While for the Jammu seat, the party has fielded senior party leader Raman Bhalla, in Madhya Pradesh, as reported by The Federal earlier, the party prevailed upon former chief minister Digvijaya Singh to contest the elections from his erstwhile constituency of Rajgarh while former Union minister and the party’s tribal face in the state, Kantilal Bhuria will, once again, enter the poll fray from Ratlam.

The other candidates from MP that were declared on Saturday, however, are likely to stir fresh intra-party trouble for the Congress which has already been facing a major exodus of leaders in the state.

In the Bhopal, Indore, Jabalpur, Ujjain and Mandsour constituencies, the Congress has fielded Arun Shrivastav, Akshay Bam, Dinesh Yadav, Mahesh Parmar and Dilip Singh Gurjar, respectively; all candidates with little or no electoral heft.

Murmurs of discontent

“We have thrown away the election in these seats, which to begin with were difficult to win...some of the people who have been given tickets cannot even gather 100 party workers for a dharna, how does the high command expect them to fight the BJP? You can expect more disgruntled leaders to quit the party in the coming days,” a former Congress MLA from the state who was lobbying for a ticket from one of these seats told The Federal, adding that he too was now “considering options”.

In Tamil Nadu, where the Congress will again fight the polls as a junior partner of MK Stalin’s DMK, the party has chosen to play safe by repeating most of its incumbent MPs. As such, while Karti Chidambaram, Manickam Tagore, Vijaykumar Vasanth and Jothimani have been given tickets again from the Sivaganga, Viridhunagar, Kanyakumari and Karur constituencies, respectively, Arani MP MK Vishnu Prasad has been shifted to Cuddalore this time.

In Saturday’s list, the Congress has dropped just two of its sitting MPs – both from Tamil Nadu. Krishnagiri MP A Chellakumar has been replaced with K Gopinath while Tiruvallur MP K Jeyakumar has made way for former IAS officer Sasikanth Senthil, who had joined the Congress five years back and had become a key backroom manager of the party, most recently tasked with managing the party’s war room during last year’s Rajasthan assembly polls.

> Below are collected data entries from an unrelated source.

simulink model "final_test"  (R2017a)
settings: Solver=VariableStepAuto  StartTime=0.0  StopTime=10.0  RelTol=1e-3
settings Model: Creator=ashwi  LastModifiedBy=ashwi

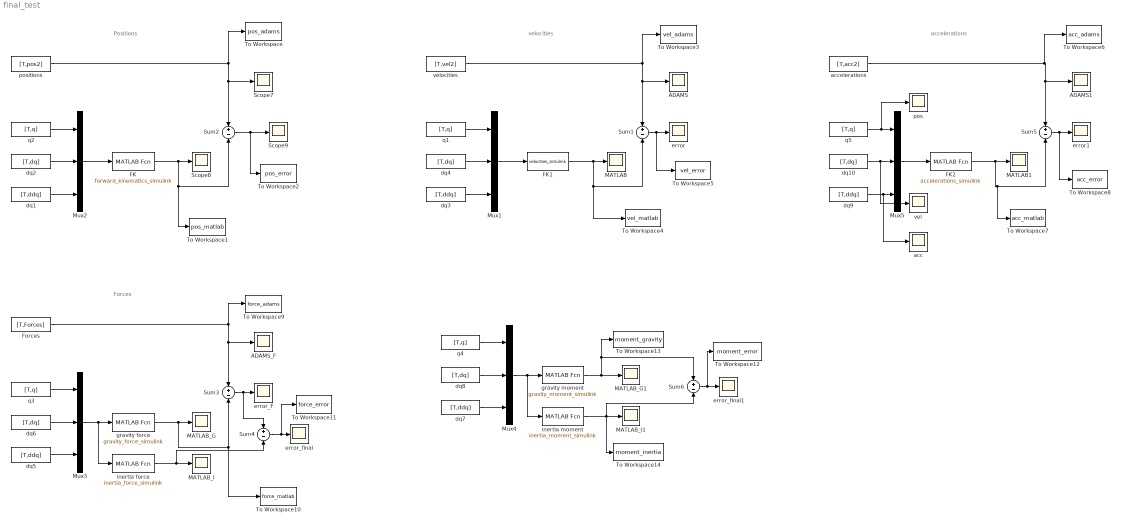
== system final_test ==
  note: Positions
  note: velocities
  note: Forces
  note: accelerations
  ADAMS : Scope
  ADAMS1 : Scope
  ADAMS_F : Scope
  FK : MATLABFcn  MATLABFcn=forward_kinematics_simulink
  FK1 : MATLABFcn  MATLABFcn=velocities_simulink
  FK2 : MATLABFcn  MATLABFcn=accelerations_simulink
  Forces : FromWorkspace  VariableName=[T,Forces]  SampleTime=0
  MATLAB : Scope
  MATLAB1 : Scope
  MATLAB_G : Scope
  MATLAB_G1 : Scope
  MATLAB_I : Scope
  MATLAB_I1 : Scope
  Mux{1..5} (5 alike) : Mux  Inputs=3
  Scope7 : Scope
  Scope8 : Scope
  Scope9 : Scope
  Sum{1..6} (6 alike) : Sum  Inputs=+-
  To Workspace : ToWorkspace  VariableName=pos_adams  SaveFormat=Timeseries  SampleTime=-1
  To Workspace1 : ToWorkspace  VariableName=pos_matlab  SaveFormat=Timeseries  SampleTime=-1
  To Workspace10 : ToWorkspace  VariableName=force_matlab  SaveFormat=Timeseries  SampleTime=-1
  To Workspace11 : ToWorkspace  VariableName=force_error  SaveFormat=Timeseries  SampleTime=-1
  To Workspace12 : ToWorkspace  VariableName=moment_error  SaveFormat=Timeseries  SampleTime=-1
  To Workspace13 : ToWorkspace  VariableName=moment_gravity  SaveFormat=Timeseries  SampleTime=-1
  To Workspace14 : ToWorkspace  VariableName=moment_inertia  SaveFormat=Timeseries  SampleTime=-1
  To Workspace2 : ToWorkspace  VariableName=pos_error  SaveFormat=Timeseries  SampleTime=-1
  To Workspace3 : ToWorkspace  VariableName=vel_adams  SaveFormat=Timeseries  SampleTime=-1
  To Workspace4 : ToWorkspace  VariableName=vel_matlab  SaveFormat=Timeseries  SampleTime=-1
  To Workspace5 : ToWorkspace  VariableName=vel_error  SaveFormat=Timeseries  SampleTime=-1
  To Workspace6 : ToWorkspace  VariableName=acc_adams  SaveFormat=Timeseries  SampleTime=-1
  To Workspace7 : ToWorkspace  VariableName=acc_matlab  SaveFormat=Timeseries  SampleTime=-1
  To Workspace8 : ToWorkspace  VariableName=acc_error  SaveFormat=Timeseries  SampleTime=-1
  To Workspace9 : ToWorkspace  VariableName=force_adams  SaveFormat=Timeseries  SampleTime=-1
  acc : Scope
  accelerations : FromWorkspace  VariableName=[T,acc2]  SampleTime=0
  dq{1,3,5,7,9} (5 alike) : FromWorkspace  VariableName=[T,ddq]  SampleTime=0
  dq{2,4,6,8,10} (5 alike) : FromWorkspace  VariableName=[T,dq]  SampleTime=0
  error : Scope
  error1 : Scope
  error_F : Scope
  error_final : Scope
  error_final1 : Scope
  gravity force : MATLABFcn  MATLABFcn=gravity_force_simulink
  gravity moment : MATLABFcn  MATLABFcn=gravity_moment_simulink
  inertia force : MATLABFcn  MATLABFcn=inertia_force_simulink
  inertia moment : MATLABFcn  MATLABFcn=inertia_moment_simulink
  pos : Scope
  positions : FromWorkspace  VariableName=[T,pos2]  SampleTime=0
  q{1..5} (5 alike) : FromWorkspace  VariableName=[T,q]  SampleTime=0
  vel : Scope
  velocities : FromWorkspace  VariableName=[T,vel2]  SampleTime=0
  wires:
  q2/1 -> Mux2/1
  positions/1 -> To Workspace/1, Sum2/1, Scope7/1
  Sum2/1 -> To Workspace2/1, Scope9/1
  dq2/1 -> Mux2/2
  dq1/1 -> Mux2/3
  Mux2/1 -> FK/1
  FK/1 -> To Workspace1/1, Sum2/2, Scope8/1
  velocities/1 -> To Workspace3/1, Sum1/1, ADAMS/1
  FK1/1 -> To Workspace4/1, Sum1/2, MATLAB/1
  Mux1/1 -> FK1/1
  q1/1 -> Mux1/1
  dq4/1 -> Mux1/2
  Sum1/1 -> To Workspace5/1, error/1
  dq3/1 -> Mux1/3
  gravity force/1 -> To Workspace10/1, Sum3/2, MATLAB_G/1
  Mux3/1 -> inertia force/1, gravity force/1
  q3/1 -> Mux3/1
  dq6/1 -> Mux3/2
  Sum3/1 -> Sum4/1, error_F/1
  dq5/1 -> Mux3/3
  inertia force/1 -> Sum4/2, MATLAB_I/1
  Sum4/1 -> To Workspace11/1, error_final/1
  dq7/1 -> Mux4/3
  gravity moment/1 -> To Workspace13/1, Sum6/1, MATLAB_G1/1
  q4/1 -> Mux4/1
  Mux4/1 -> inertia moment/1, gravity moment/1
  Sum6/1 -> To Workspace12/1, error_final1/1
  q5/1 -> pos/1, Mux5/1
  accelerations/1 -> To Workspace6/1, Sum5/1, ADAMS1/1
  Sum5/1 -> To Workspace8/1, error1/1
  Mux5/1 -> FK2/1
  FK2/1 -> To Workspace7/1, Sum5/2, MATLAB1/1
  dq10/1 -> vel/1, Mux5/2
  dq9/1 -> acc/1, Mux5/3
  dq8/1 -> Mux4/2
  Forces/1 -> To Workspace9/1, Sum3/1, ADAMS_F/1
  inertia moment/1 -> To Workspace14/1, Sum6/2, MATLAB_I1/1
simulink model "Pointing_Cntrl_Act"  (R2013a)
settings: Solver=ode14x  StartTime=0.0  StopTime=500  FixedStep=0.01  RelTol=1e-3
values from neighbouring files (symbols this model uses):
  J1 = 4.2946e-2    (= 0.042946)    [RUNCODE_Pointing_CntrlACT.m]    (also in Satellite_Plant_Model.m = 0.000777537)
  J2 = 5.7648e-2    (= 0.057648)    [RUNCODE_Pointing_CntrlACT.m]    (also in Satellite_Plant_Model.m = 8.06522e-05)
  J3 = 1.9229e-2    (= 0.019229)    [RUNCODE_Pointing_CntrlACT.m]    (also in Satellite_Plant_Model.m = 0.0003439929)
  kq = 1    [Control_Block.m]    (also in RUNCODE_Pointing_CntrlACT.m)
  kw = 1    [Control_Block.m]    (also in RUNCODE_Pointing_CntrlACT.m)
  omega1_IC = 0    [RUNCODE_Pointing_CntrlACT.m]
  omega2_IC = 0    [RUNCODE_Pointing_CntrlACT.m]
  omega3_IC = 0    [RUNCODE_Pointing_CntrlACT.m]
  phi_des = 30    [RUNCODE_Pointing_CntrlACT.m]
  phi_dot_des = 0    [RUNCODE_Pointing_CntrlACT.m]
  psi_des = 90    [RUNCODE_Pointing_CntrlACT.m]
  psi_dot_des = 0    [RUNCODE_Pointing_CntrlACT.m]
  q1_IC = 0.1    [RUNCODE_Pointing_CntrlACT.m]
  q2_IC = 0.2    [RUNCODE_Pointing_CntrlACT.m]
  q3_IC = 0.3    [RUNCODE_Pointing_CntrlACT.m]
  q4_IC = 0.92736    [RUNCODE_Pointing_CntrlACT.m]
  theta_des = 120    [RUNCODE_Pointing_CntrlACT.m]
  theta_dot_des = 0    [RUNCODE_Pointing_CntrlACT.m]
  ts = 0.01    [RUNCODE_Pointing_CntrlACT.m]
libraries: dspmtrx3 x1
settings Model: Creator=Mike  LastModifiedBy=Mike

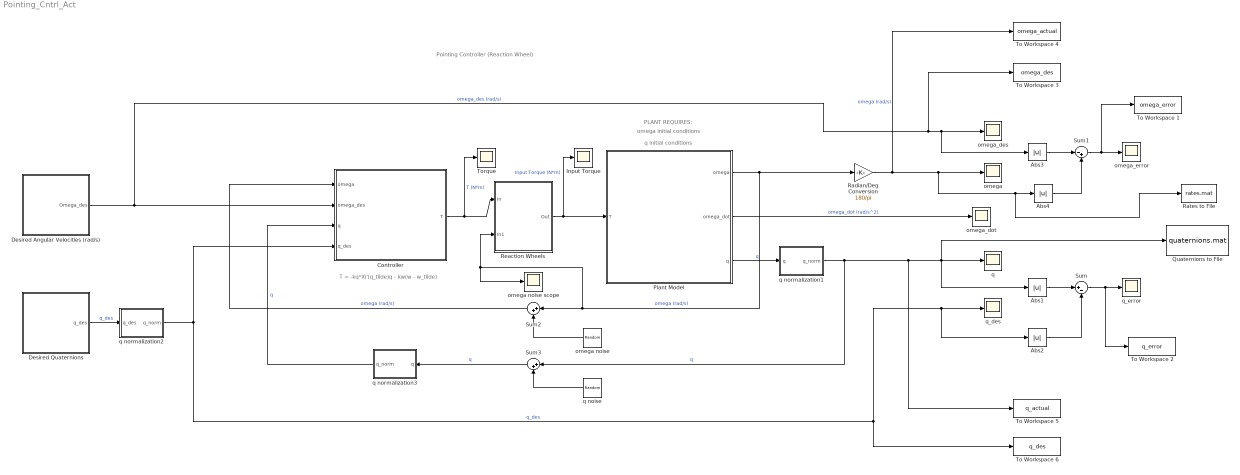
== system Pointing_Cntrl_Act ==
  note: T = -kq*Xi'(q_tilde)q - kw(w - w_tilde)
  note: omega initial conditions
  note: PLANT REQUIRES:
  note: q initial conditions
  note: Pointing Controller (Reaction Wheel)
  " Controller" : Subsystem
  Abs{1..4} (4 alike) : Abs
  Desired Angular Velocities (rad/s) : Subsystem
  Desired Quaternions : Subsystem
  Input Torque : Scope
      settings: TimeRange=500  YMin=-0.0007  YMax=0.0007
  Plant Model : Subsystem
  Quaternions to File : ToFile  Filename=quaternions.mat  MatrixName=quat
  Radian/Deg Conversion : Gain  Gain=180/pi
  Rates to File : ToFile  Filename=rates.mat  MatrixName=omega
  "Reaction Wheels " : Subsystem
  Sum : Sum  Inputs=|+-
  Sum1 : Sum  Inputs=|-+
  Sum2 : Sum  Inputs=|++
  Sum3 : Sum  Inputs=|++
  To Workspace 1 : ToWorkspace  VariableName=omega_error  SampleTime=-1  SaveFormat=Timeseries
  To Workspace 2 : ToWorkspace  VariableName=q_error  SampleTime=-1  SaveFormat=Timeseries
  To Workspace 3 : ToWorkspace  VariableName=omega_des  SampleTime=-1  SaveFormat=Timeseries
  To Workspace 4 : ToWorkspace  VariableName=omega_actual  SampleTime=-1  SaveFormat=Timeseries
  To Workspace 5 : ToWorkspace  VariableName=q_actual  SampleTime=-1  SaveFormat=Timeseries
  To Workspace 6 : ToWorkspace  VariableName=q_des  SampleTime=-1  SaveFormat=Timeseries
  Torque : Scope
      settings: TimeRange=500  YMin=-0.25  YMax=0.275  SaveName=ScopeData5
  omega : Scope
      settings: TimeRange=500  YMin=-15  YMax=10  SaveName=ScopeData3
  omega noise : UniformRandomNumber  Minimum=-.035  Maximum=.035  SampleTime=ts
  omega noise scope : Scope
      settings: TimeRange=500  YMin=-0.55  YMax=0.3  SaveName=ScopeData10
  omega_des : Scope
      settings: YMin=-0.0025  YMax=0.0525  SaveName=ScopeData8
  omega_dot : Scope
      settings: TimeRange=3600  YMin=-0.0004  YMax=-2.5e-05
  omega_error : Scope
      settings: TimeRange=500  YMin=0  YMax=3.25  SaveName=ScopeData7
  q : Scope
      settings: TimeRange=500  YMin=0.225  YMax=0.775  SaveName=ScopeData2
  q noise : UniformRandomNumber  Minimum=-.006  Maximum=.006  SampleTime=ts
  q normalization1 : Subsystem
  q normalization2 : Subsystem
  q normalization3 : Subsystem
  q_des : Scope
      settings: TimeRange=3600  YMin=0.25  YMax=0.75  SaveName=ScopeData4
  q_error : Scope
      settings: TimeRange=3600  YMin=-2e-12  YMax=1e-12  SaveName=ScopeData6
  wires:
  Plant Model/2(omega_dot) -> omega_dot/1  "omega_dot (rad/s^2)"
  " Controller"/1(T) -> "Reaction Wheels "/1(In), Torque/1  "T (N*m)"
  Abs1/1 -> Sum/1
  Abs2/1 -> Sum/2
  Abs3/1 -> Sum1/1
  Abs4/1 -> Sum1/2
  "Reaction Wheels "/1(Out) -> Input Torque/1, Plant Model/1(T)  "Input Torque (N*m)"
  Plant Model/3(q) -> q normalization1/1(q)  "q"
  Desired Quaternions/1(q_des) -> q normalization2/1(q_des)  "q_des"
  Plant Model/1(omega) -> omega noise scope/1, "Reaction Wheels "/2(In1), Sum2/1, Radian/Deg Conversion/1  "omega (rad/s)"
  Sum3/1 -> q normalization3/1(q)  "q"
  q normalization3/1(q_norm) -> " Controller"/3(q)  "q"
  Sum2/1 -> " Controller"/1(omega)  "omega (rad/s)"
  omega noise/1 -> Sum2/2
  q noise/1 -> Sum3/2
  Radian/Deg Conversion/1 -> omega/1, Rates to File/1, Abs4/1, To Workspace 4/1  "omega (rad/s)"
  Desired Angular Velocities (rad/s)/1(Omega_des) -> " Controller"/2(omega_des), To Workspace 3/1, omega_des/1, Abs3/1  "omega_des (rad/s)"
  Sum1/1 -> To Workspace 1/1, omega_error/1
  Sum/1 -> To Workspace 2/1, q_error/1
  q normalization1/1(q_norm) -> Sum3/1, To Workspace 5/1, Quaternions to File/1, Abs1/1, q/1  "q"
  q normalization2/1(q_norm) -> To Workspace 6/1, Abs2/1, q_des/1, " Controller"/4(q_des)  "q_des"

The party has also fielded its incumbent Andaman MP Kuldeep Rai Sharma once again.

Maharashtra seats

In Maharashtra, the Congress still appears to be struggling to decide who it should field from the Chandrapur constituency – the lone seat in the state that it had won in 2019. As reported earlier, while the Congress high command favours giving the Chandrapur ticket to incumbent MLA Pratibha Dhanorkar, widow of former MP Suresh Dhanorkar who had won the seat five years earlier, party veteran and Leader of Opposition in the Maharashtra assembly Vijay Wadettiwar has been lobbying for the seat for his daughter.

The candidates that the party declared for Maharashtra on Saturday were Rashmi Barve from Ramtek, Vikas Thakare from Nagpur Namdev Kirsan from Gadhchiroli and Prashant Padole from Bhandara-Gondiya, a seat from which the party high command wanted to field its state unit chief and former MP Nana Patole but couldn’t do so due to his categorical refusal to fight the polls.